For the data that follows, return each line unchanged and drop the pictures.

===== GIVEN RECORDS =====

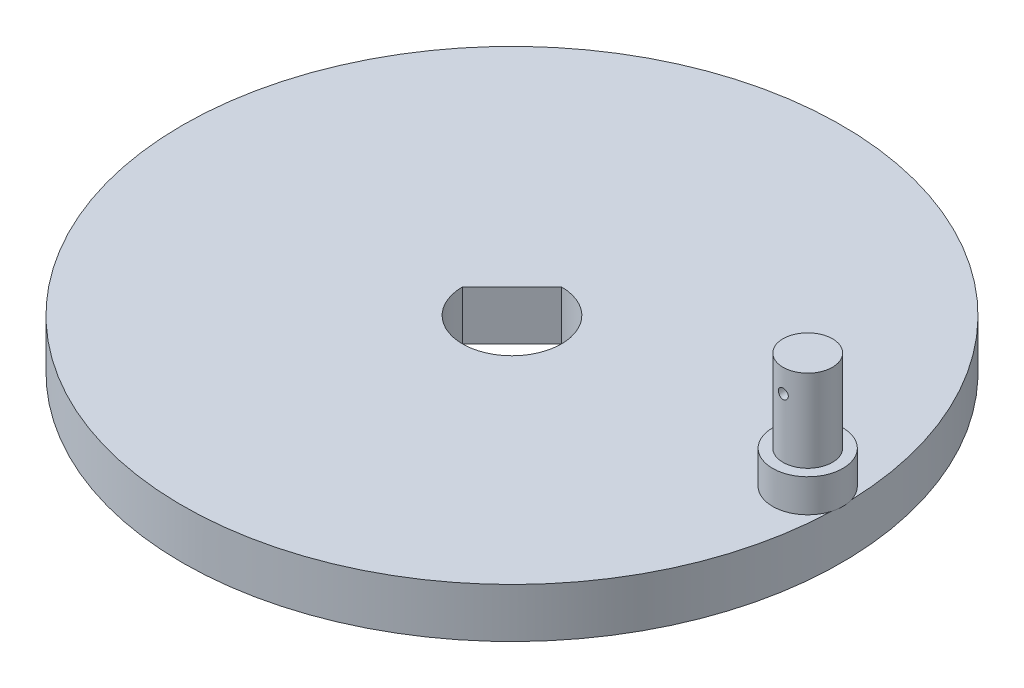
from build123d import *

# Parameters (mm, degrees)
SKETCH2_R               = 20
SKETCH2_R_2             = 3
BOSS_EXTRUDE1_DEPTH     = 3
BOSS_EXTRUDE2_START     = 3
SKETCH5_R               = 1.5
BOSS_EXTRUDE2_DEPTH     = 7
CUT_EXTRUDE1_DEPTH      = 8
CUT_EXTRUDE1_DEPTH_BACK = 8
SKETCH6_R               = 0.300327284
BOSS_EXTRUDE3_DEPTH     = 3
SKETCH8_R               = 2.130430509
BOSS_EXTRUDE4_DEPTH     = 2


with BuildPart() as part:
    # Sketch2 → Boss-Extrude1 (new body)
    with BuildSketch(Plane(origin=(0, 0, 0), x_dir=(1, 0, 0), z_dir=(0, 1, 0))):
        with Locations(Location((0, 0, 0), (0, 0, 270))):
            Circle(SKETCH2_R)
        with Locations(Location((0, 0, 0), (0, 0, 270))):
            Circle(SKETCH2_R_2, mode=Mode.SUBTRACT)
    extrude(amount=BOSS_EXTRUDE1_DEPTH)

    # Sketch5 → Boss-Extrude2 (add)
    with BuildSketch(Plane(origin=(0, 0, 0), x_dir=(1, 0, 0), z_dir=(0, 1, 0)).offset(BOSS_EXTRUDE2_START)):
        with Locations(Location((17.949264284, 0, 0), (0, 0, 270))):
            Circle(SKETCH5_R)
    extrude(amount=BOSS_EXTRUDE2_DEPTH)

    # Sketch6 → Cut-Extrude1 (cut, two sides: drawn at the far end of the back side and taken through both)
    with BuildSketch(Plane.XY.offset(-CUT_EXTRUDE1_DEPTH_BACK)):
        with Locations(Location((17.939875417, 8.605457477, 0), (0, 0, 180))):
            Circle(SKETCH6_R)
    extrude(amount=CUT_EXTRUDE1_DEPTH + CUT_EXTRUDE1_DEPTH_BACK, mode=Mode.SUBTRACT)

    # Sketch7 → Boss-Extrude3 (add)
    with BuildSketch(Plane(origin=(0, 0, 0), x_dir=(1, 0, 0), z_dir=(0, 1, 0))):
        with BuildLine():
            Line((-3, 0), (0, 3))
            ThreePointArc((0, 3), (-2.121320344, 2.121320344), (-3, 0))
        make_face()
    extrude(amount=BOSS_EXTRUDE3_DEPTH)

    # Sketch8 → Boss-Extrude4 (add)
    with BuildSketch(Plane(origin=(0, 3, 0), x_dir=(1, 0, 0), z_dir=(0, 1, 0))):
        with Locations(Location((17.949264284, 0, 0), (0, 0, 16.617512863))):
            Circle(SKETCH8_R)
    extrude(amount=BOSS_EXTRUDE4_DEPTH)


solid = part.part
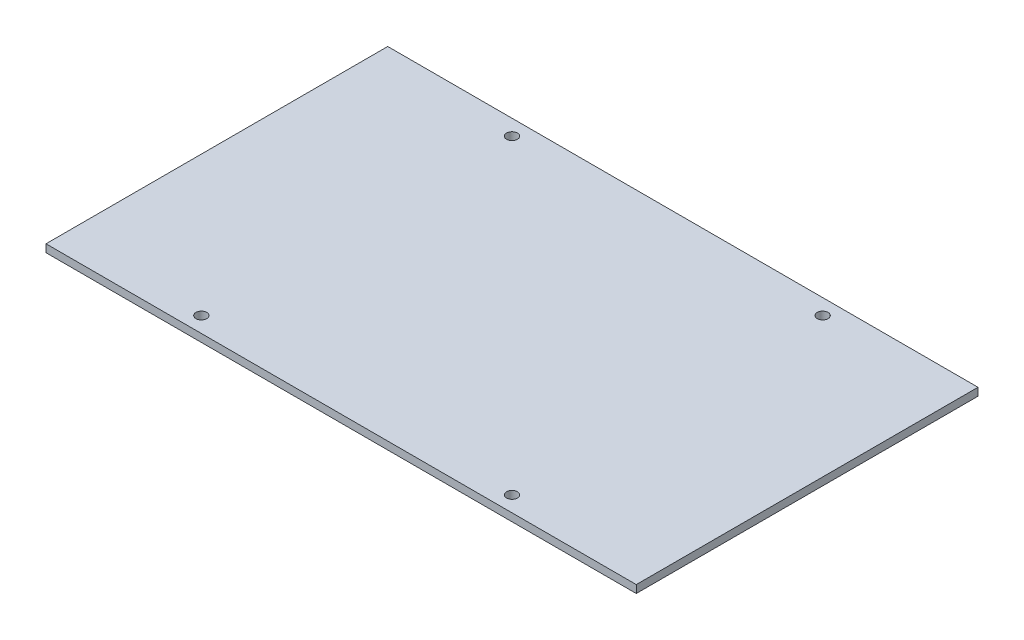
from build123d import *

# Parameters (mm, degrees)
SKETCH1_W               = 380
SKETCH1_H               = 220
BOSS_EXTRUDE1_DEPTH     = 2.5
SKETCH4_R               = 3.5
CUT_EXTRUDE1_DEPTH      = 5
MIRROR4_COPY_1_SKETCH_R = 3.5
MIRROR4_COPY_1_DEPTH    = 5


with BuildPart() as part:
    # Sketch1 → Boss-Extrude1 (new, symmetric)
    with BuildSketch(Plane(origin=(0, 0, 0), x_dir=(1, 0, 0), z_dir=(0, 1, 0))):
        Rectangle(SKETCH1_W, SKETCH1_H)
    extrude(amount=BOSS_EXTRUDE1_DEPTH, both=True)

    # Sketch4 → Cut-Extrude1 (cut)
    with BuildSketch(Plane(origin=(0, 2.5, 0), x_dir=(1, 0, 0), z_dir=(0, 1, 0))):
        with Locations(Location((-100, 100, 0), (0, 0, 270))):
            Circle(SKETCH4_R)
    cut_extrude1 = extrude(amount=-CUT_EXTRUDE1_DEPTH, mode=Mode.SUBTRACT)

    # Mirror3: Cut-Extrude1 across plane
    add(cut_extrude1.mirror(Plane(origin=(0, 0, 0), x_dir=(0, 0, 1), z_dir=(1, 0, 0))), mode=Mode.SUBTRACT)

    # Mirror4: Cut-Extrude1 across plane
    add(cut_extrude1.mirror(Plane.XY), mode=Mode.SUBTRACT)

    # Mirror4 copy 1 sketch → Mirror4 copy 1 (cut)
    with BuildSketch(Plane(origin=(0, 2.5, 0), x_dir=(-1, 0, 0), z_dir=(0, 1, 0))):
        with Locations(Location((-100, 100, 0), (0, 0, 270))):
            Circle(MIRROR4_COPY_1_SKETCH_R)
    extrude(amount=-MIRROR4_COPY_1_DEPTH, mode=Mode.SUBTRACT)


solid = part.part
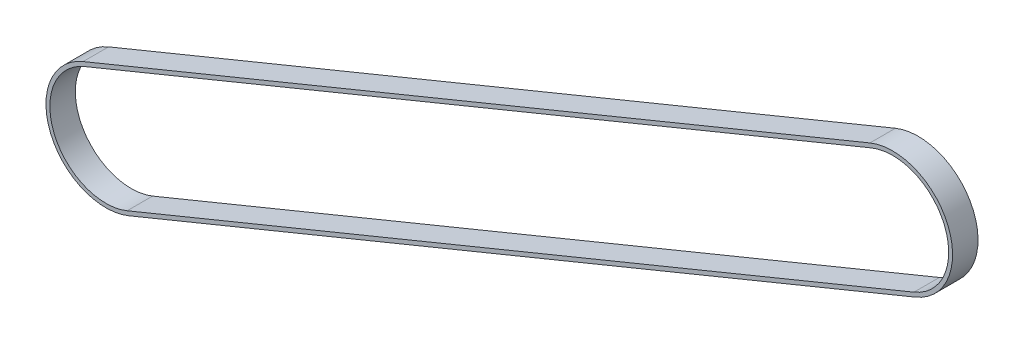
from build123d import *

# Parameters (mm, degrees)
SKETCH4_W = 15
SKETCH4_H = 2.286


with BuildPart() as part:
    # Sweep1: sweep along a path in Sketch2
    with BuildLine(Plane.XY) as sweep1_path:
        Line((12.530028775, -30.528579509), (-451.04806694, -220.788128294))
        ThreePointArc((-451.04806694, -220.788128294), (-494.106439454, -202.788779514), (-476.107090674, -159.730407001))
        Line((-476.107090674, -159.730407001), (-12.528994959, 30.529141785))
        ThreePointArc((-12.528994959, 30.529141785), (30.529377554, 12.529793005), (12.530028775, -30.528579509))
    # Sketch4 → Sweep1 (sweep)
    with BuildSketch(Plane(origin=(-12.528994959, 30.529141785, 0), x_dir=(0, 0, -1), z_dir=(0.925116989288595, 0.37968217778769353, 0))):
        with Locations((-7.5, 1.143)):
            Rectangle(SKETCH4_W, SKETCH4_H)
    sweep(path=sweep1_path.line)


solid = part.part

=====

→ EXERCISE SOLUTION
from build123d import *

# Parameters (mm, degrees)
SKETCH2_R               = 20
SKETCH2_R_2             = 3
BOSS_EXTRUDE1_DEPTH     = 3
BOSS_EXTRUDE2_START     = 3
SKETCH5_R               = 1.5
BOSS_EXTRUDE2_DEPTH     = 7
CUT_EXTRUDE1_DEPTH      = 8
CUT_EXTRUDE1_DEPTH_BACK = 8
SKETCH6_R               = 0.300327284
BOSS_EXTRUDE3_DEPTH     = 3
SKETCH8_R               = 2.130430509
BOSS_EXTRUDE4_DEPTH     = 2


with BuildPart() as part:
    # Sketch2 → Boss-Extrude1 (new body)
    with BuildSketch(Plane(origin=(0, 0, 0), x_dir=(1, 0, 0), z_dir=(0, 1, 0))):
        with Locations(Location((0, 0, 0), (0, 0, 270))):
            Circle(SKETCH2_R)
        with Locations(Location((0, 0, 0), (0, 0, 270))):
            Circle(SKETCH2_R_2, mode=Mode.SUBTRACT)
    extrude(amount=BOSS_EXTRUDE1_DEPTH)

    # Sketch5 → Boss-Extrude2 (add)
    with BuildSketch(Plane(origin=(0, 0, 0), x_dir=(1, 0, 0), z_dir=(0, 1, 0)).offset(BOSS_EXTRUDE2_START)):
        with Locations(Location((17.949264284, 0, 0), (0, 0, 270))):
            Circle(SKETCH5_R)
    extrude(amount=BOSS_EXTRUDE2_DEPTH)

    # Sketch6 → Cut-Extrude1 (cut, two sides: drawn at the far end of the back side and taken through both)
    with BuildSketch(Plane.XY.offset(-CUT_EXTRUDE1_DEPTH_BACK)):
        with Locations(Location((17.939875417, 8.605457477, 0), (0, 0, 180))):
            Circle(SKETCH6_R)
    extrude(amount=CUT_EXTRUDE1_DEPTH + CUT_EXTRUDE1_DEPTH_BACK, mode=Mode.SUBTRACT)

    # Sketch7 → Boss-Extrude3 (add)
    with BuildSketch(Plane(origin=(0, 0, 0), x_dir=(1, 0, 0), z_dir=(0, 1, 0))):
        with BuildLine():
            Line((-3, 0), (0, 3))
            ThreePointArc((0, 3), (-2.121320344, 2.121320344), (-3, 0))
        make_face()
    extrude(amount=BOSS_EXTRUDE3_DEPTH)

    # Sketch8 → Boss-Extrude4 (add)
    with BuildSketch(Plane(origin=(0, 3, 0), x_dir=(1, 0, 0), z_dir=(0, 1, 0))):
        with Locations(Location((17.949264284, 0, 0), (0, 0, 16.617512863))):
            Circle(SKETCH8_R)
    extrude(amount=BOSS_EXTRUDE4_DEPTH)


solid = part.part
from build123d import *

# Parameters (mm, degrees)
SKETCH1_W               = 380
SKETCH1_H               = 220
BOSS_EXTRUDE1_DEPTH     = 2.5
SKETCH4_R               = 3.5
CUT_EXTRUDE1_DEPTH      = 5
MIRROR4_COPY_1_SKETCH_R = 3.5
MIRROR4_COPY_1_DEPTH    = 5


with BuildPart() as part:
    # Sketch1 → Boss-Extrude1 (new, symmetric)
    with BuildSketch(Plane(origin=(0, 0, 0), x_dir=(1, 0, 0), z_dir=(0, 1, 0))):
        Rectangle(SKETCH1_W, SKETCH1_H)
    extrude(amount=BOSS_EXTRUDE1_DEPTH, both=True)

    # Sketch4 → Cut-Extrude1 (cut)
    with BuildSketch(Plane(origin=(0, 2.5, 0), x_dir=(1, 0, 0), z_dir=(0, 1, 0))):
        with Locations(Location((-100, 100, 0), (0, 0, 270))):
            Circle(SKETCH4_R)
    cut_extrude1 = extrude(amount=-CUT_EXTRUDE1_DEPTH, mode=Mode.SUBTRACT)

    # Mirror3: Cut-Extrude1 across plane
    add(cut_extrude1.mirror(Plane(origin=(0, 0, 0), x_dir=(0, 0, 1), z_dir=(1, 0, 0))), mode=Mode.SUBTRACT)

    # Mirror4: Cut-Extrude1 across plane
    add(cut_extrude1.mirror(Plane.XY), mode=Mode.SUBTRACT)

    # Mirror4 copy 1 sketch → Mirror4 copy 1 (cut)
    with BuildSketch(Plane(origin=(0, 2.5, 0), x_dir=(-1, 0, 0), z_dir=(0, 1, 0))):
        with Locations(Location((-100, 100, 0), (0, 0, 270))):
            Circle(MIRROR4_COPY_1_SKETCH_R)
    extrude(amount=-MIRROR4_COPY_1_DEPTH, mode=Mode.SUBTRACT)


solid = part.part
from build123d import *

# Parameters (mm, degrees)
SKETCH4_W = 15
SKETCH4_H = 2.286


with BuildPart() as part:
    # Sweep1: sweep along a path in Sketch2
    with BuildLine(Plane.XY) as sweep1_path:
        Line((12.530028775, -30.528579509), (-451.04806694, -220.788128294))
        ThreePointArc((-451.04806694, -220.788128294), (-494.106439454, -202.788779514), (-476.107090674, -159.730407001))
        Line((-476.107090674, -159.730407001), (-12.528994959, 30.529141785))
        ThreePointArc((-12.528994959, 30.529141785), (30.529377554, 12.529793005), (12.530028775, -30.528579509))
    # Sketch4 → Sweep1 (sweep)
    with BuildSketch(Plane(origin=(-12.528994959, 30.529141785, 0), x_dir=(0, 0, -1), z_dir=(0.925116989288595, 0.37968217778769353, 0))):
        with Locations((-7.5, 1.143)):
            Rectangle(SKETCH4_W, SKETCH4_H)
    sweep(path=sweep1_path.line)


solid = part.part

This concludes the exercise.